After training it’s the same thing…

Dr. Chris Mohr says there’s no need to force calories on overweight people after training like people have been promoting in the past. Taking that elite endurance athlete research and applying it to women and men who need to lose 50 to 60 pounds doesn’t necessarily make sense.

What about sports drinks for post nutrition, carb replenishing?

Sports drinks are terrible.

Basically, these drinks are nothing more than processed corn – a high fructose corn syrup, possibly glucose or dextrose or whatever is in there. But unless you’re running for 90 minutes straight or playing soccer or competitive basketball where you’re playing a 48 minute regulation game, you DON’T NEED sports drinks.

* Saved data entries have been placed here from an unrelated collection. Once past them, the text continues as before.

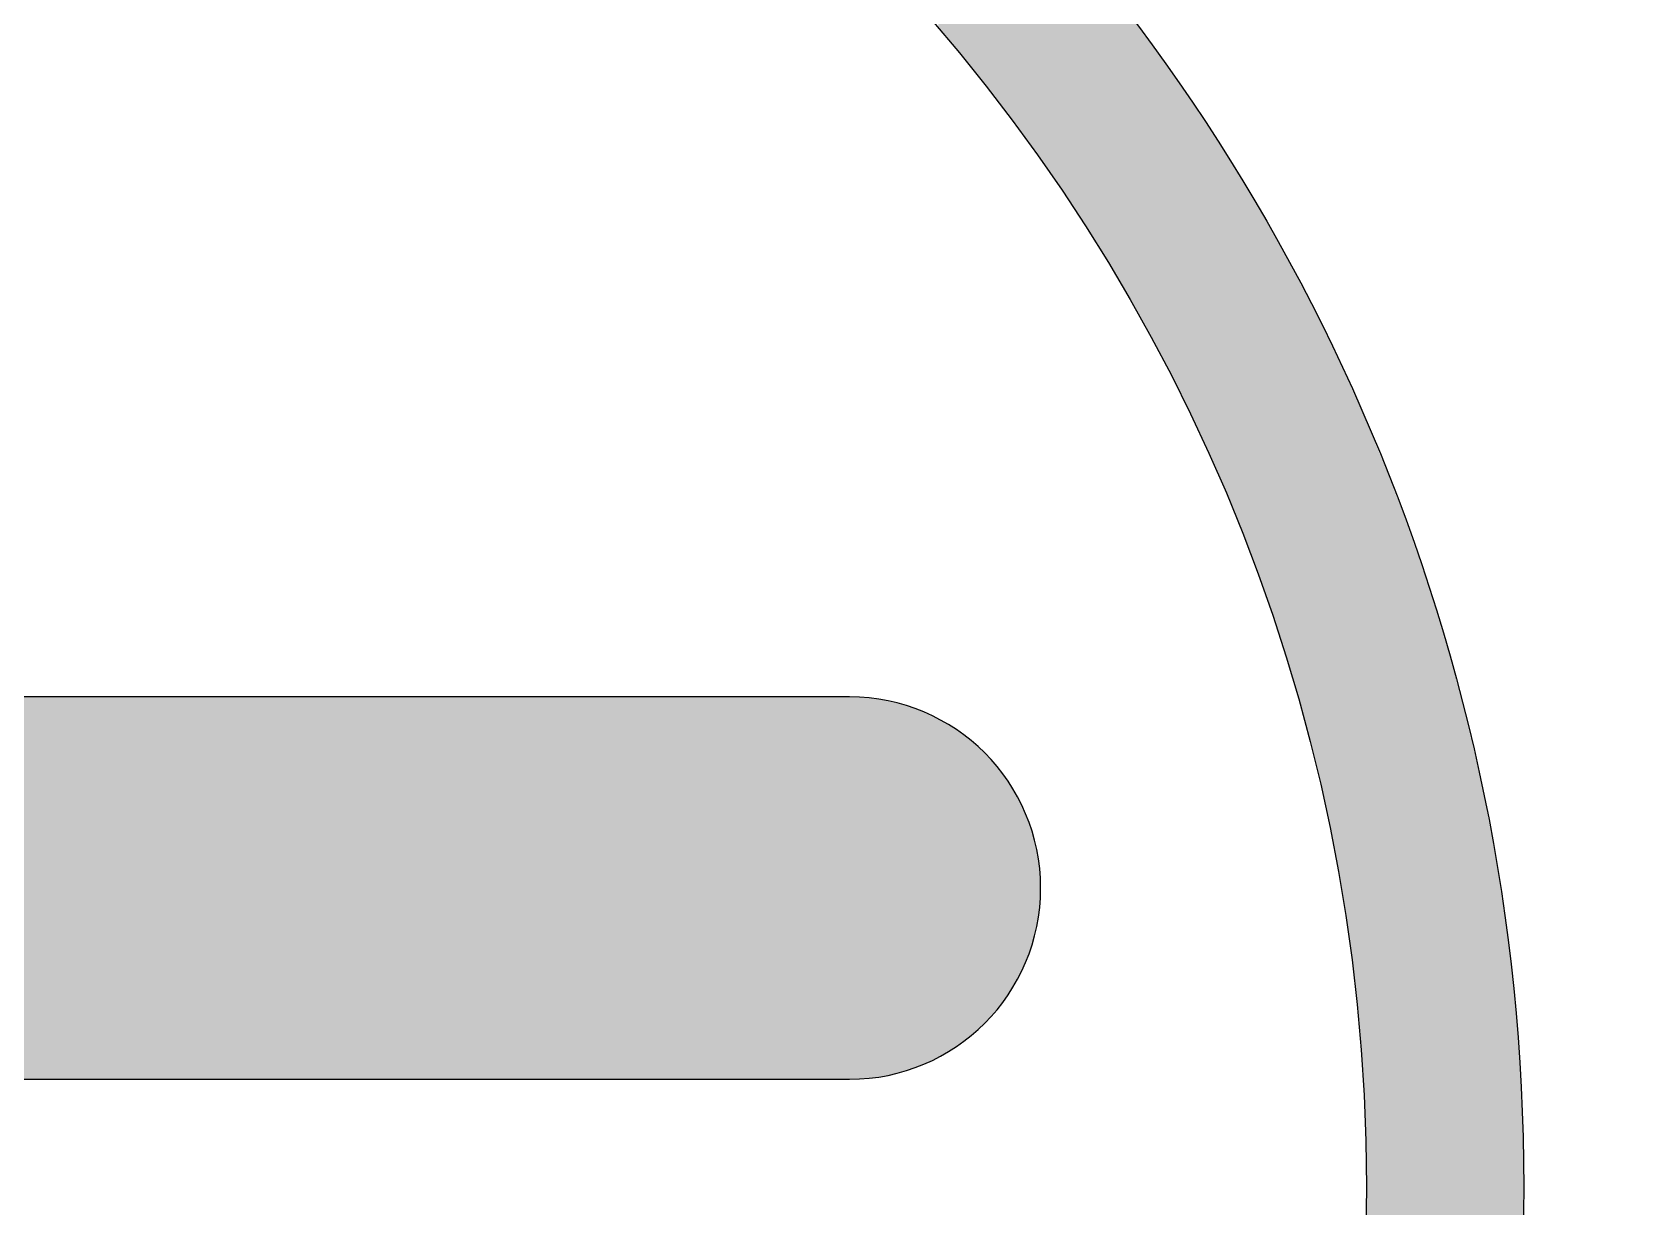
# Model space of a CAD drawing. Extents: x 39521 to 39941, y -9225 to -8631.
# Drawn here: x 39693.109 to 39693.725, y -9077.859 to -9077.411 of the extents above; entities that cross this region are included whole.
import ezdxf

# ---------------------------------------------------------------- set-up
doc = ezdxf.new("R2010")
doc.units = 0
doc.header["$LTSCALE"] = 7
doc.header["$MEASUREMENT"] = 0
doc.layers.add('D', color=2, linetype='CONTINUOUS')
doc.layers.add('DWG', color=7, linetype='CONTINUOUS')

msp = doc.modelspace()

# ---------------------------------------------------------------- linework, layer by layer
at = {"layer": 'D'}
for p, q in [((39693.42082, -9077.66461), (39692.45518, -9077.66461)), ((39692.45518, -9077.81041), (39693.42082, -9077.81041))]:
    msp.add_line(p, q, dxfattribs=at)
for radius in [0.74, 0.68]:
    msp.add_circle((39692.938, -9077.85149), radius, dxfattribs=at)
msp.add_arc((39693.42082, -9077.73751), 0.0729, 270.00001, 90.00001, dxfattribs=at)
for points in [[(39693.46126, -9077.41729), (39693.45467, -9077.32181), (39693.46126, -9077.32823)], [(39693.45467, -9077.40939), (39693.45467, -9077.32181), (39693.46126, -9077.41729)], [(39693.46592, -9077.42288), (39693.46126, -9077.32823), (39693.46592, -9077.33301)], [(39693.46126, -9077.41729), (39693.46126, -9077.32823), (39693.46592, -9077.42288)], [(39693.47463, -9077.4339), (39693.46592, -9077.33301), (39693.47463, -9077.34195)], [(39693.46592, -9077.42288), (39693.46592, -9077.33301), (39693.47463, -9077.4339)], [(39693.4768, -9077.43664), (39693.47463, -9077.34195), (39693.4768, -9077.3443)], [(39693.47463, -9077.4339), (39693.47463, -9077.34195), (39693.4768, -9077.43664)], [(39693.4873, -9077.45066), (39693.4768, -9077.3443), (39693.4873, -9077.35565)], [(39693.4768, -9077.43664), (39693.4768, -9077.3443), (39693.4873, -9077.45066)], [(39693.48763, -9077.45112), (39693.4873, -9077.35565), (39693.48763, -9077.356)], [(39693.4873, -9077.45066), (39693.4873, -9077.35565), (39693.48763, -9077.45112)], [(39693.49743, -9077.46491), (39693.48763, -9077.356), (39693.49743, -9077.36715)], [(39693.48763, -9077.45112), (39693.48763, -9077.356), (39693.49743, -9077.46491)], [(39693.50026, -9077.46913), (39693.49743, -9077.36715), (39693.50026, -9077.37038)], [(39693.49743, -9077.46491), (39693.49743, -9077.36715), (39693.50026, -9077.46913)], [(39693.50715, -9077.47938), (39693.50026, -9077.37038), (39693.50715, -9077.37865)], [(39693.50026, -9077.46913), (39693.50026, -9077.37038), (39693.50715, -9077.47938)], [(39693.5125, -9077.48779), (39693.50715, -9077.37865), (39693.5125, -9077.38507)], [(39693.50715, -9077.47938), (39693.50715, -9077.37865), (39693.5125, -9077.48779)], [(39693.51649, -9077.49406), (39693.5125, -9077.38507), (39693.51649, -9077.39011)], [(39693.5125, -9077.48779), (39693.5125, -9077.38507), (39693.51649, -9077.49406)], [(39693.52434, -9077.50715), (39693.51649, -9077.39011), (39693.52434, -9077.40004)], [(39693.51649, -9077.49406), (39693.51649, -9077.39011), (39693.52434, -9077.50715)], [(39693.52541, -9077.50893), (39693.52434, -9077.40004), (39693.52541, -9077.40147)], [(39693.52434, -9077.50715), (39693.52434, -9077.40004), (39693.52541, -9077.50893)], [(39693.53393, -9077.52397), (39693.52541, -9077.40147), (39693.53393, -9077.41283)], [(39693.52541, -9077.50893), (39693.52541, -9077.40147), (39693.53393, -9077.52397)], [(39693.53577, -9077.52743), (39693.53393, -9077.41283), (39693.53577, -9077.41529)], [(39693.53393, -9077.52397), (39693.53393, -9077.41283), (39693.53577, -9077.52743)], [(39693.54203, -9077.53917), (39693.53577, -9077.41529), (39693.54203, -9077.4241)], [(39693.53577, -9077.52743), (39693.53577, -9077.41529), (39693.54203, -9077.53917)], [(39693.54679, -9077.54866), (39693.54203, -9077.4241), (39693.54679, -9077.4308)], [(39693.54203, -9077.53917), (39693.54203, -9077.4241), (39693.54679, -9077.54866)], [(39693.54972, -9077.5545), (39693.54679, -9077.4308), (39693.54972, -9077.43516)], [(39693.54679, -9077.54866), (39693.54679, -9077.4308), (39693.54972, -9077.5545)], [(39693.55698, -9077.56996), (39693.54972, -9077.43516), (39693.55698, -9077.44597)], [(39693.54972, -9077.5545), (39693.54972, -9077.43516), (39693.55698, -9077.56996)], [(39693.55737, -9077.57085), (39693.55698, -9077.44597), (39693.55737, -9077.44655)], [(39693.55698, -9077.56996), (39693.55698, -9077.44597), (39693.55737, -9077.57085)], [(39693.56383, -9077.58553), (39693.55737, -9077.44655), (39693.56383, -9077.45671)], [(39693.55737, -9077.57085), (39693.55737, -9077.44655), (39693.56383, -9077.58553)], [(39693.56753, -9077.59454), (39693.56383, -9077.45671), (39693.56753, -9077.46252)], [(39693.56383, -9077.58553), (39693.56383, -9077.45671), (39693.56753, -9077.59454)], [(39693.57025, -9077.60118), (39693.56753, -9077.46252), (39693.57025, -9077.46706)], [(39693.56753, -9077.59454), (39693.56753, -9077.46252), (39693.57025, -9077.60118)], [(39693.57626, -9077.61691), (39693.57025, -9077.46706), (39693.57626, -9077.47706)], [(39693.57025, -9077.60118), (39693.57025, -9077.46706), (39693.57626, -9077.61691)], [(39693.57724, -9077.6197), (39693.57626, -9077.47706), (39693.57724, -9077.4787)], [(39693.57626, -9077.61691), (39693.57626, -9077.47706), (39693.57724, -9077.6197)], [(39693.58184, -9077.6327), (39693.57724, -9077.4787), (39693.58184, -9077.48682)], [(39693.57724, -9077.6197), (39693.57724, -9077.4787), (39693.58184, -9077.6327)], [(39693.58651, -9077.64702), (39693.58184, -9077.48682), (39693.58651, -9077.49507)], [(39693.58184, -9077.6327), (39693.58184, -9077.48682), (39693.58651, -9077.64702)], [(39693.587, -9077.64852), (39693.58651, -9077.49507), (39693.587, -9077.49599)], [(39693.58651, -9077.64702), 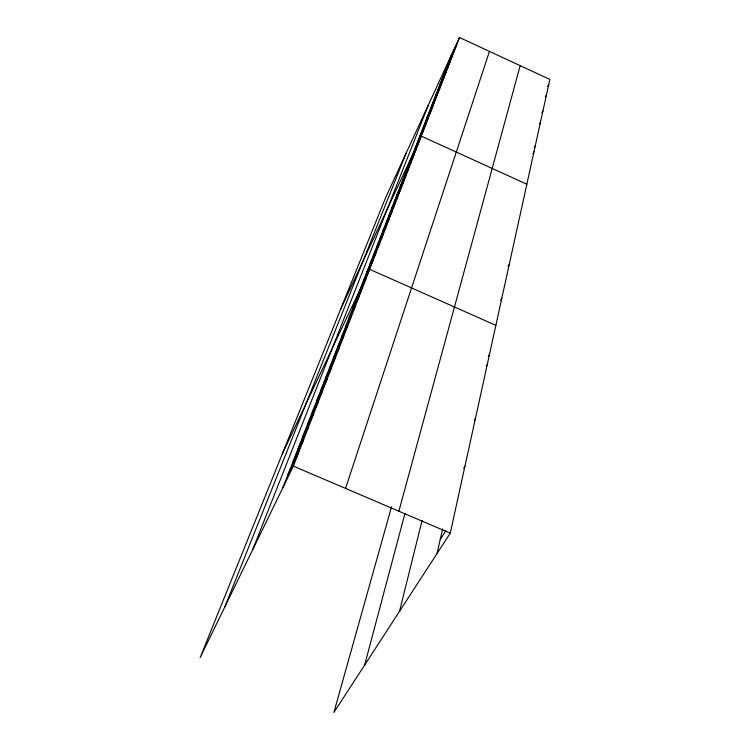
<?xml version="1.0" encoding="UTF-8"?>
<svg xmlns="http://www.w3.org/2000/svg" width="750" height="750" viewBox="0 0 750 750"><rect width="100%" height="100%" fill="white"/><g stroke="black" fill="none" stroke-linecap="round" stroke-linejoin="round"><path stroke-width="1.12" d="M391.509 506.859L333.872 712.5L450.253 533.156L549.853 79.425L459.497 37.5L385.697 197.466L200.147 657.581L293.381 466.125L459.497 37.5M437.034 553.538L442.641 528.862M399.516 611.353L422.091 520.444M364.613 665.138L404.944 513.497M398.878 511.209L520.172 65.653M345.544 488.419L489.45 51.394M282.769 487.913L451.584 54.647M252.694 549.684L428.503 104.681M224.738 607.087L406.144 153.15M449.709 59.466L457.669 42.234M447.797 64.369L455.803 47.044M445.866 69.347L453.909 51.938M443.888 74.4L451.978 56.906M441.891 79.547L450.019 61.959M439.856 84.769L448.031 67.097M437.784 90.075L446.006 72.319M435.675 95.484L443.953 77.625M433.538 100.969L441.853 83.025M431.363 106.556L439.725 88.519M429.15 112.237L437.559 94.106M426.9 118.022L435.356 99.797M424.603 123.9L433.116 105.591M422.269 129.881L430.828 111.478M419.897 135.975L428.503 117.478M417.488 142.181L426.141 123.581M415.022 148.491L423.731 129.797M340.753 308.916L421.275 136.134L526.847 184.219M410.044 161.269L418.847 142.397M407.522 167.737L416.381 148.772M404.962 174.319L413.859 155.259M402.347 181.031L411.3 161.869M399.684 187.856L408.684 168.609M396.975 194.822L406.022 175.472M394.209 201.909L403.312 182.475M391.397 209.138L400.547 189.609M388.528 216.497L397.734 196.875M385.603 224.006L394.856 204.291M382.613 231.666L391.931 211.856M379.575 239.475L388.941 219.572M376.472 247.434L385.884 227.438M373.303 255.563L382.772 235.472M370.069 263.859L379.594 243.675M366.778 272.316L376.35 252.047M363.412 280.959L373.041 260.597M282.253 453.975L369.656 269.325L495.862 325.369M356.456 298.791L366.197 278.25M352.875 307.997L362.662 287.362M349.209 317.409L359.053 296.681M345.459 327.019L355.359 306.216M341.634 336.844L351.581 315.956M337.716 346.894L347.719 325.922M333.712 357.169L343.772 336.112M329.616 367.688L339.722 346.547M325.425 378.45L335.587 357.234M321.131 389.466L331.341 368.175M316.734 400.744L327 379.378M312.234 412.294L322.556 390.853M307.631 424.125L317.991 402.619M302.906 436.247L313.322 414.684M298.059 448.678L308.522 427.05M293.091 461.428L303.609 439.744M288 474.497L298.566 452.756M547.706 86.419L548.747 84.459M545.428 96.759L546.487 94.772M541.875 112.894L542.944 110.888M539.4 124.106L540.487 122.081M534.263 147.591L535.322 145.641M532.903 153.75L533.972 151.791M508.088 266.512L509.222 264.516M500.653 300.244L501.825 298.219M488.344 356.278L489.516 354.309M486.131 366.356L487.303 364.387M474.3 420.206L475.463 418.294M463.744 468.131L464.953 466.209M440.241 539.438L445.856 530.709M293.381 466.125L450.253 533.156"/></g></svg>

If you’re playing a 90 minute soccer game and you have a sports drink, yes it will help your performance. But, if you’re just doing a 20 minute workout then you don’t need a sports drink – it’s 20 minutes.

Let’s get away from the endurance athlete carbohydrate intake. Remember, endurance athletes are taking in like 5,000, 6,000, 7,000 or 8,000 calories per day. They’re entirely different animals than someone who wants to lose fat by training for 30 to 45 minutes three or four times per week.

So I hope this short nutrition and abs Q & A helped to clear up some common misconceptions floating around out there.  Let me know if there’s anything else you’d like to know!